Car sans son homme à ses côtés pour la soutenir et l'aider, il va bien falloir que cette demoiselle apprenne à se débrouiller par elle-même. C'est là en effet l'autre facette de cette histoire : tandis que les hommes, partis au combat pour protéger leurs foyers, tentent d'en revenir, marqués à jamais, les femmes, précisément demeurées au foyer, doivent non seulement faire face à la longue solitude en vivant dans l'angoisse permanente d'un hypothétique retour, mais aussi aux profiteurs restés sur place et censés eux aussi les protéger. Dans cet autre combat quotidien, les femmes devront donc se serrer les coudes et retrousser leurs manches.
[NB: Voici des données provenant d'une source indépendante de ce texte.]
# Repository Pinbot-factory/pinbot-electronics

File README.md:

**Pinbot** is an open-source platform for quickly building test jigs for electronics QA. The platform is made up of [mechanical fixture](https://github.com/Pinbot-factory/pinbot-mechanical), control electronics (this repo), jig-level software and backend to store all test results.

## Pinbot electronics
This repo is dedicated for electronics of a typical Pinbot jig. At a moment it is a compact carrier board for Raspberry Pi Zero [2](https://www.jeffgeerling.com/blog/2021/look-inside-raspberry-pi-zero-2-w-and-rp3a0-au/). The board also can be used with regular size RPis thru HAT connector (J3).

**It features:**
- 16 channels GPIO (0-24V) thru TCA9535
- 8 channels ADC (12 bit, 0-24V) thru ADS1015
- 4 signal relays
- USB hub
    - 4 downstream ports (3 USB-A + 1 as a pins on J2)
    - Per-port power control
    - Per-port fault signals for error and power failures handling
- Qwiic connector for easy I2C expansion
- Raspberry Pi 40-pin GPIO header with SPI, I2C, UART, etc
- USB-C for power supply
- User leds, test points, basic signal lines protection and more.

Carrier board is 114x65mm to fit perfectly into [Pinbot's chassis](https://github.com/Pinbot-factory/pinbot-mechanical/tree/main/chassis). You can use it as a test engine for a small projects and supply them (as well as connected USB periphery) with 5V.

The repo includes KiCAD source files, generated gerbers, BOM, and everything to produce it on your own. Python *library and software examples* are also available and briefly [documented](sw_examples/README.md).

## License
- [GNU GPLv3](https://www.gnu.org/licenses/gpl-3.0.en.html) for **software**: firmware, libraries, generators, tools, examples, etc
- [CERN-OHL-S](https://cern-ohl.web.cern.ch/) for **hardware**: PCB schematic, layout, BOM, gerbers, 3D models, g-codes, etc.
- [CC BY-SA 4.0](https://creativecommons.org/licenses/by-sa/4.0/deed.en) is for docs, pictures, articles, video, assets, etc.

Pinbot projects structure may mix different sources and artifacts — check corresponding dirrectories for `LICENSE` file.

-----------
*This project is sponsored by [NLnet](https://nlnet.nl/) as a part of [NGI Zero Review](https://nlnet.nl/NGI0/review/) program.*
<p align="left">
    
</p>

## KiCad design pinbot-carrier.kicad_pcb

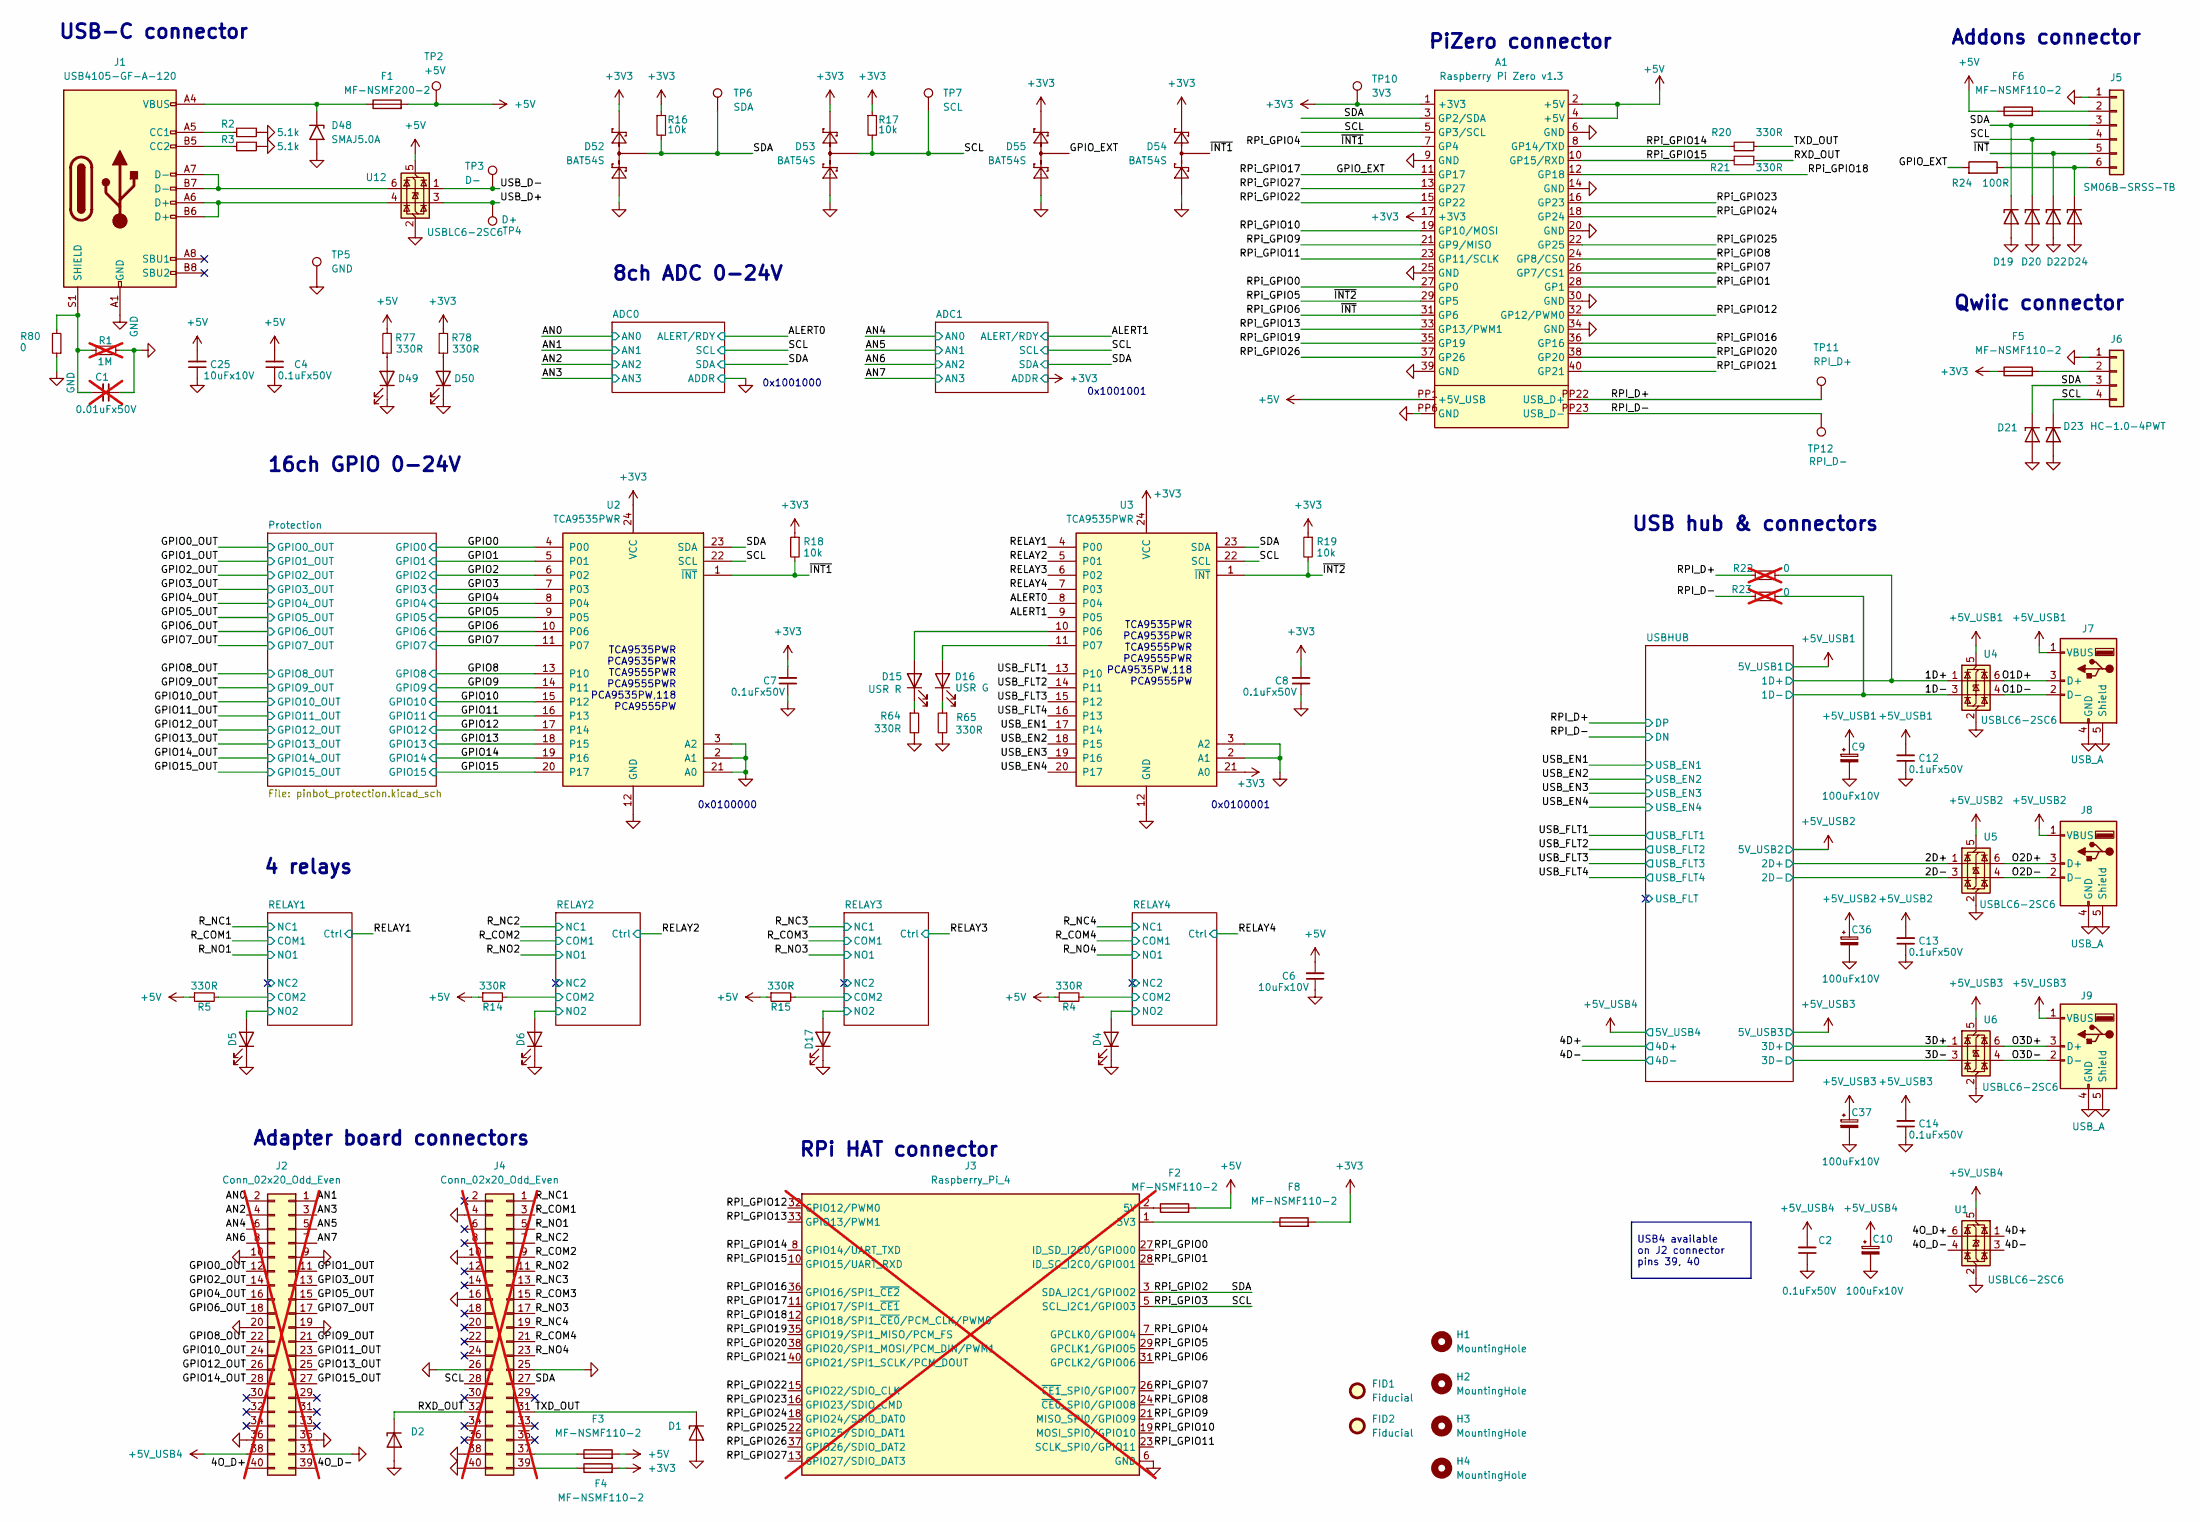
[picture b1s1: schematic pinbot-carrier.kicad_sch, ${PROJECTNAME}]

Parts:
A1: Raspberry Pi Zero v1.3; RASPI_ZERO_FULL; LCSC Part # C2977589
C1: 0.01uFx50V; C_0603_1608Metric; Mouser Part # 06031C103K4T4A; LCSC Part # C100042; not fitted
C2, C4, C12, C13, C14: 0.1uFx50V; C_0603_1608Metric; Mouser Part # CGA3E2X7R1H104M080AA; LCSC Part # C282519
C6, C25: 10uFx10V; C_0603_1608Metric; Mouser Part # GRM188Z71A106MA73J; LCSC Part # C2959727
C7, C8: 0.1uFx50V; C_0603_1608Metric; Mouser Part # CGA3E2X7R1H104M080AA
C9, C10, C36, C37: 100uFx10V; CP_EIA-3528-21_Kemet-B; LCSC Part # C600583
D1, D2, D19, D20, D21, D22, D23, D24: ESD5Z3.3T5G; D_SOD-523; Mouser Part # ESD5Z3.3T5G
D4, D5, D6, D17: 19-21/GHC-YR1S2/4T; LED_0603_1608Metric; LCSC Part # C2986048
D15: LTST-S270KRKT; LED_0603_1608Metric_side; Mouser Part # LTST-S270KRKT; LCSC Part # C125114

Et ce n'est sûrement pas une Renée Zellwegger, méconnaissable dans un rôle de paysanne certes un tantinet trop appuyé (en VO de préférence) mais ô combien son meilleur à ce jour, qui dira le contraire. Apportant un peu de gaîté et d'optimisme, son personnage contrebalance la détresse et le désir de retrouvailles du couple à distance Kidman-Law, plus retenu dans leur interprétation (rôles obligent).

Un conflit qui a donc lieu sur les deux fronts : au champ de bataille, déclencheur du périple de retour, mais aussi dans les chaumières. Deux aspects du combat reliés par les sentiments que partagent l'un pour l'autre les deux amants. Un amour qui leur donnera la force de surmonter tous les obstacles et qui nous fait basculer de l'un à l'autre avec fluidité, tout du moins dans la première moitié (les échanges de courrier), et avec une certaine équité (temps de présence égal ou presque), le tout baignant dans une rigueur technico-artistique (décors, costumes, photographie, et bien sûr musique du compositeur attitré de Minghella, Gabriel Yared) qui n'a d'égal en discrétion que la justesse de restitution. Le passage de l'un à l'autre des amants finit toutefois par s'effilocher et s'appesantir au cours du récit, par ailleurs sans grandes surprises (ce n'est nullement le but recherché), puisque l'on pourra en (entr)apercevoir la conclusion bien avant l'heure dite (la scène du puits). À nouveau prévisible, l'épilogue est à l'image du film : bicéphale. À la fois réaliste et optimiste, comme un pansement sur une plaie non cicatrisable mais néanmoins refermée du passé.

Retour à Cold Mountain est certes loin d'atteindre l'épisme, la grandeur et la force des personnages d'un (au hasard) Autant en emporte le vent, mais a néanmoins la stature nécessaire pour s'inscrire sans honte dans son sillage. Un récit fort, poignant, juste et humain.